Every morning, Joe’s alarm goes off at 6:30am. He gets up, makes coffee and breakfast, and sits down at the kitchen table to read his Bible. He’s attempting to read through the New Testament this year (he’s a bit behind on his plan) and jots down notes in a notebook as he reads – things like what stood out to him, questions to look into later, and things to pray about. Afterwards, he takes time to pray for himself, his family, and his day. He also prays for one or two names from his journal, if he has the time.

By now, Joe’s family is getting up and ready for school. Joe likes to pack the kids’ lunches before kissing his wife goodbye and heading off for work (in the winter, he brushes off his wife’s car for when she heads out later). Arriving 10 minutes early for work, Joe gets the coffee pot going for the crew and helps open up the shop. He is known by other employees as a hard-working guy who is diligent and friendly. He tries to be honest with customers about the issues with their vehicles and doesn’t exaggerate what parts are due for replacement. Every Christmas, he makes sure to give his boss’ family a small gift as an act of gratitude.

After a hard day’s work, Joe heads home for supper. He showers and sits down with the family. Though it doesn’t always go well, Joe tries to get the family sharing about their day. Before everyone breaks to go their own way, Joe has his wife read out of a family devotional book (she’s a better out-loud reader than he is) and leads family prayer. He and the kids help afterwards with the dishes.

In the evening, Joe will do a few things around the house, help the kids with their homework, watch some TV, check email, or take the kids to their sport events, depending on the evening. He and his wife take turns each day tucking in their 7 year old at night, and he always makes sure to tell his 13-year-old that he loves her when she heads to bed. Joe and his wife try to spend a few minutes each night before bed connecting and praying together. Occasionally, he’ll give her a back massage before kissing her goodnight.

On the weekends, Joe likes to take the family camping and go on outings. He also works hard to keep up the yard and work on their house (a fixer-upper with some potential). Usually he’ll mow the lawn next door, which belongs to an elderly widow. On Sunday morning, he rouses the troops and heads off to church. He makes sure to grab his offering on the way out the door, which he has set aside earlier in the month. One out of three weeks he helps in Sunday School. After service, he is on the lookout for newcomers to the church, and goes out of his way to introduce himself and thank them for coming. Every Sunday, the family orders take-out for dinner (trying to keep the day easy-going).

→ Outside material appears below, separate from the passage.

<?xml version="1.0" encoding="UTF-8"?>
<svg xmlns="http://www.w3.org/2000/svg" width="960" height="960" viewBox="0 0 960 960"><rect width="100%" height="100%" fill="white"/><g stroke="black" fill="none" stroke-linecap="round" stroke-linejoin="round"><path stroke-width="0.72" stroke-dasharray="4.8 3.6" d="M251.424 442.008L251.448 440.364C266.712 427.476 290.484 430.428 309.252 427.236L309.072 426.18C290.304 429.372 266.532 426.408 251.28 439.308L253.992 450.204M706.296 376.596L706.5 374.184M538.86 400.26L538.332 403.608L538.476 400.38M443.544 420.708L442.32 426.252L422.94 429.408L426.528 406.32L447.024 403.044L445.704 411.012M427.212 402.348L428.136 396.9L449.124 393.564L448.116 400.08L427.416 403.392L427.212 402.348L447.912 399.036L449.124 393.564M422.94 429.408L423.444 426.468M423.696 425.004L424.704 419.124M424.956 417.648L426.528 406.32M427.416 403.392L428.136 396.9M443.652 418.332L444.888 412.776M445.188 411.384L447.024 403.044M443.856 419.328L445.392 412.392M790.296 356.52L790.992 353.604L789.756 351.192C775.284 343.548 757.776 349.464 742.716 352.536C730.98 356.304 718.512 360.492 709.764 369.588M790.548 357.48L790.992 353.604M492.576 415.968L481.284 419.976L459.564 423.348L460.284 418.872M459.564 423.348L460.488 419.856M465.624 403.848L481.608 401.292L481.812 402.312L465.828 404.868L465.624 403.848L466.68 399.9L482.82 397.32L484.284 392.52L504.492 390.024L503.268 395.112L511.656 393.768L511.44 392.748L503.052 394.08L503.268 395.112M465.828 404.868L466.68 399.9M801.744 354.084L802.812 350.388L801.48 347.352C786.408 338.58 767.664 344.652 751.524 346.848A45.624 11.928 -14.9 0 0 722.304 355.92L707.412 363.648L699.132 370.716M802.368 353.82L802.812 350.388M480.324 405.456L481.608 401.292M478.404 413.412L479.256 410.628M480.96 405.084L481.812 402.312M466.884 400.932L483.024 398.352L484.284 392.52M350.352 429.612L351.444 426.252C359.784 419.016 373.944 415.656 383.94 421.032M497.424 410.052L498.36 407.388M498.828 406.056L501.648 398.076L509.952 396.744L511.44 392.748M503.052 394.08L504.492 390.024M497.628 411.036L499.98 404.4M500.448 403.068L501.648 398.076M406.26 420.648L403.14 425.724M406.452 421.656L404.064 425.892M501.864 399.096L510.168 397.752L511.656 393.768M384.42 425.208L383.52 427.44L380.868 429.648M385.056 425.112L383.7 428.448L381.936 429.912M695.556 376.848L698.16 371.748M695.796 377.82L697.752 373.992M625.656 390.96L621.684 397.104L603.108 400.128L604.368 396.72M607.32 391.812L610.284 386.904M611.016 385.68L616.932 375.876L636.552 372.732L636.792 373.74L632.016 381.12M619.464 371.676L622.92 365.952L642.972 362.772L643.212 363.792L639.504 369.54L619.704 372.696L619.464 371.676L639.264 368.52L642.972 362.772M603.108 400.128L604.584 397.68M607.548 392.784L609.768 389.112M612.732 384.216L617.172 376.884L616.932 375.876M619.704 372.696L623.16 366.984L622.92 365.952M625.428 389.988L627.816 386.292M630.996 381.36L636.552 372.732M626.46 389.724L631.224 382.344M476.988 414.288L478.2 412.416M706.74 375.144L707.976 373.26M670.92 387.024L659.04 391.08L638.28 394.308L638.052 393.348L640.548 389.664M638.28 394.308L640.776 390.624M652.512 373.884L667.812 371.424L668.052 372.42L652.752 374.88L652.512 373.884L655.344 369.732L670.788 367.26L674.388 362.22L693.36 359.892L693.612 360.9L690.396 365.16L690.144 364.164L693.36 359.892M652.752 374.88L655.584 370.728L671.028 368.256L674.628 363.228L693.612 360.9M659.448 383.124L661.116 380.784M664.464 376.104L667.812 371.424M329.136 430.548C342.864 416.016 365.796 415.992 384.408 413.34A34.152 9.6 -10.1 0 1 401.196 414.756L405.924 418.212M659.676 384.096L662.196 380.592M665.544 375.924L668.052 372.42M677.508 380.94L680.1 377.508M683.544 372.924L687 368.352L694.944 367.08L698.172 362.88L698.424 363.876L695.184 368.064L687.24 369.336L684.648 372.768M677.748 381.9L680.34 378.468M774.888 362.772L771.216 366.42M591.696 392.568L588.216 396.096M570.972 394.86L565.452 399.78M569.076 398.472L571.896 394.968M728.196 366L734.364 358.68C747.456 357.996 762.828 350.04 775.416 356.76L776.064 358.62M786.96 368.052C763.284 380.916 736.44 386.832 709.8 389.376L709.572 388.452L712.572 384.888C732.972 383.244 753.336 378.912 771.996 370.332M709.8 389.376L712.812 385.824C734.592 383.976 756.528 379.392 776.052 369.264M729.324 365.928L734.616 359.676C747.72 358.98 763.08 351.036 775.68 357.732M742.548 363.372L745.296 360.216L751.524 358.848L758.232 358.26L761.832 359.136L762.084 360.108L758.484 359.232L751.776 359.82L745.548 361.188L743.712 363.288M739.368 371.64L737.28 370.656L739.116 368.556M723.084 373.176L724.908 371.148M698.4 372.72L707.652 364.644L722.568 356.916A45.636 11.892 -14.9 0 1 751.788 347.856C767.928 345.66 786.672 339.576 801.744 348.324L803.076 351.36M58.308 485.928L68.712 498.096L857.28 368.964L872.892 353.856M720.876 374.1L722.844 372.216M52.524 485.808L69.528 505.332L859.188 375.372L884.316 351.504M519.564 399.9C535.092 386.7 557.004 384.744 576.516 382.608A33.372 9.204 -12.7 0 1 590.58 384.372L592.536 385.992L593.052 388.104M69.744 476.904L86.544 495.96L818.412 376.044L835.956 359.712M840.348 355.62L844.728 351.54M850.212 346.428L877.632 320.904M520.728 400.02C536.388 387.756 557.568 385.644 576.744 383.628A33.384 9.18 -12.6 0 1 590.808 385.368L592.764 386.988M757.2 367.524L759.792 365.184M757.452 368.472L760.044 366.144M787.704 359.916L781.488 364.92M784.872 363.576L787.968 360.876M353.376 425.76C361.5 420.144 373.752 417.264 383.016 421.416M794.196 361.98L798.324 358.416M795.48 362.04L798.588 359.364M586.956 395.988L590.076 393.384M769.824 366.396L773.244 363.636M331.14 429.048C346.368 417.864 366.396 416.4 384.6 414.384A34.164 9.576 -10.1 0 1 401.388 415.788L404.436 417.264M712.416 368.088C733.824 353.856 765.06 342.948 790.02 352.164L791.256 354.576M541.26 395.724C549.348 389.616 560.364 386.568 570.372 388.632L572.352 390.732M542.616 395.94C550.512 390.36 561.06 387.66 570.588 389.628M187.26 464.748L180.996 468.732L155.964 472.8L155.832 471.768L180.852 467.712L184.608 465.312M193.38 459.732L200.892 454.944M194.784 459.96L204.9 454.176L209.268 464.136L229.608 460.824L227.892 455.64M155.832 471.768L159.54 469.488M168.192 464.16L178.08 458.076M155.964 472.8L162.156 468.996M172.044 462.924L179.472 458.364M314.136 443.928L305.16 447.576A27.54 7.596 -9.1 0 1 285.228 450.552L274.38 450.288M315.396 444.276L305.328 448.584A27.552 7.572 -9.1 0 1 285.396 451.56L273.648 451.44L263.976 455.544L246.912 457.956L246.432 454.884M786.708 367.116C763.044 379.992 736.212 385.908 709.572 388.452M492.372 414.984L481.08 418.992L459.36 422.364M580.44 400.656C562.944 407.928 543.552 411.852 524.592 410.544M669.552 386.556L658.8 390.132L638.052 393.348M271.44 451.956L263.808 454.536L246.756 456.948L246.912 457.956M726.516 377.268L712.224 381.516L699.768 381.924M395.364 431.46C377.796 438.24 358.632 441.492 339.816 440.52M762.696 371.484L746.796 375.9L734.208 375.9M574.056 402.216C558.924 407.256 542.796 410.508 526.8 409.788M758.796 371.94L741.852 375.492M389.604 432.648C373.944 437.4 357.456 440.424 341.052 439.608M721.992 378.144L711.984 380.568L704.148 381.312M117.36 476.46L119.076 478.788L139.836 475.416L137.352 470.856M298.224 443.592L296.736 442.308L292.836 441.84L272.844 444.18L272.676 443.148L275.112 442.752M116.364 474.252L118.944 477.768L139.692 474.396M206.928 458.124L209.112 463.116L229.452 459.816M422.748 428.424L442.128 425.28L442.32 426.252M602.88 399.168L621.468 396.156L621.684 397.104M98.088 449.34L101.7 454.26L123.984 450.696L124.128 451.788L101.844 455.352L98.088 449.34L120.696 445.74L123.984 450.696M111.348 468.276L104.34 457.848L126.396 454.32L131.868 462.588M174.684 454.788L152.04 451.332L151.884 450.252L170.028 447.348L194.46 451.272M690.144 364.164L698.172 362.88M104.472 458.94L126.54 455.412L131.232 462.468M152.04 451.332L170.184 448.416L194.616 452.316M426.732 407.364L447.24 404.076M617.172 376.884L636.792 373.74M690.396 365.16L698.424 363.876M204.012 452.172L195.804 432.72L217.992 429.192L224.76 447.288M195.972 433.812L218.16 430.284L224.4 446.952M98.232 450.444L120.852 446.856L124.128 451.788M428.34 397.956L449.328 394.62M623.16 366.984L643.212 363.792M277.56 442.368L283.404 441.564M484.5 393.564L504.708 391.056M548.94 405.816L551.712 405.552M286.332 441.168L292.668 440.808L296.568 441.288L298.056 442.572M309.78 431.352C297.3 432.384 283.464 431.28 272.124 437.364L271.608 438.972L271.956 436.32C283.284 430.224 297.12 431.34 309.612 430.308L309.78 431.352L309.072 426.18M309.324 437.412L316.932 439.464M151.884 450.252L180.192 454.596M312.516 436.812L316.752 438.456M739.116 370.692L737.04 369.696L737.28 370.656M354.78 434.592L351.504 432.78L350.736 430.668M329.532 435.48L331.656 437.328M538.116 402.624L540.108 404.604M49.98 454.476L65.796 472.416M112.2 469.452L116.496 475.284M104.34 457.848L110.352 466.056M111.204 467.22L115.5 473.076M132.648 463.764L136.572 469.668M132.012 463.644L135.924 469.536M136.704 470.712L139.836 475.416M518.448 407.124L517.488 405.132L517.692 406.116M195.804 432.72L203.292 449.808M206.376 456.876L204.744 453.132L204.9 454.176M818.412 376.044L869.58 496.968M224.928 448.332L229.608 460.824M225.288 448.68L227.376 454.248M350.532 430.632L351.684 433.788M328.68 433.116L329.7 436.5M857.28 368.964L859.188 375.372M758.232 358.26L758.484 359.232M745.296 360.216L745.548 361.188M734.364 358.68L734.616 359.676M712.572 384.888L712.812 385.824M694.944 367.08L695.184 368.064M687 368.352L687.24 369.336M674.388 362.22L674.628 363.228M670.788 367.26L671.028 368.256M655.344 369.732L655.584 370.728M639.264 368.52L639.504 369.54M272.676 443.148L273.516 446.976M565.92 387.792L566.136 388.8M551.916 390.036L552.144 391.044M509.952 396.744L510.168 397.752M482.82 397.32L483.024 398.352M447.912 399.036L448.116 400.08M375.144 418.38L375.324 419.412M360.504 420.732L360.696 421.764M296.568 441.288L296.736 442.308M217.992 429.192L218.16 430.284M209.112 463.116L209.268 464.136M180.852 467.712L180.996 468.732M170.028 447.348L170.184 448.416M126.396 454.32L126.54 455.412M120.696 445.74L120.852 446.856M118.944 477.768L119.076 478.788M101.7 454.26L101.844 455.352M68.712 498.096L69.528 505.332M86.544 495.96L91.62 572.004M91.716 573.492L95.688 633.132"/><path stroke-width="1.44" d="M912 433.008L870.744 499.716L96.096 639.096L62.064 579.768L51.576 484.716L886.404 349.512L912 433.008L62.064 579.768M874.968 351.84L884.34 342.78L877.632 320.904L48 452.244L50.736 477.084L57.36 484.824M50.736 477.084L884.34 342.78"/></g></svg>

Joe likes to dabble with guitar on the side, though he’s not very good at it yet. He’s a regular at men’s work bees at the church, and the family has sponsored a child through Compassion International for the past 3 years. One co-worker in particular Joe likes to invite over for BBQ’s. He’s been praying for him and regularly invites him to church. So far his efforts haven’t had much results, but Joe’s not losing hope. He knows that he’s just a regular guy, a sinner in need of grace, but he is without a doubt living his life to the glory of God.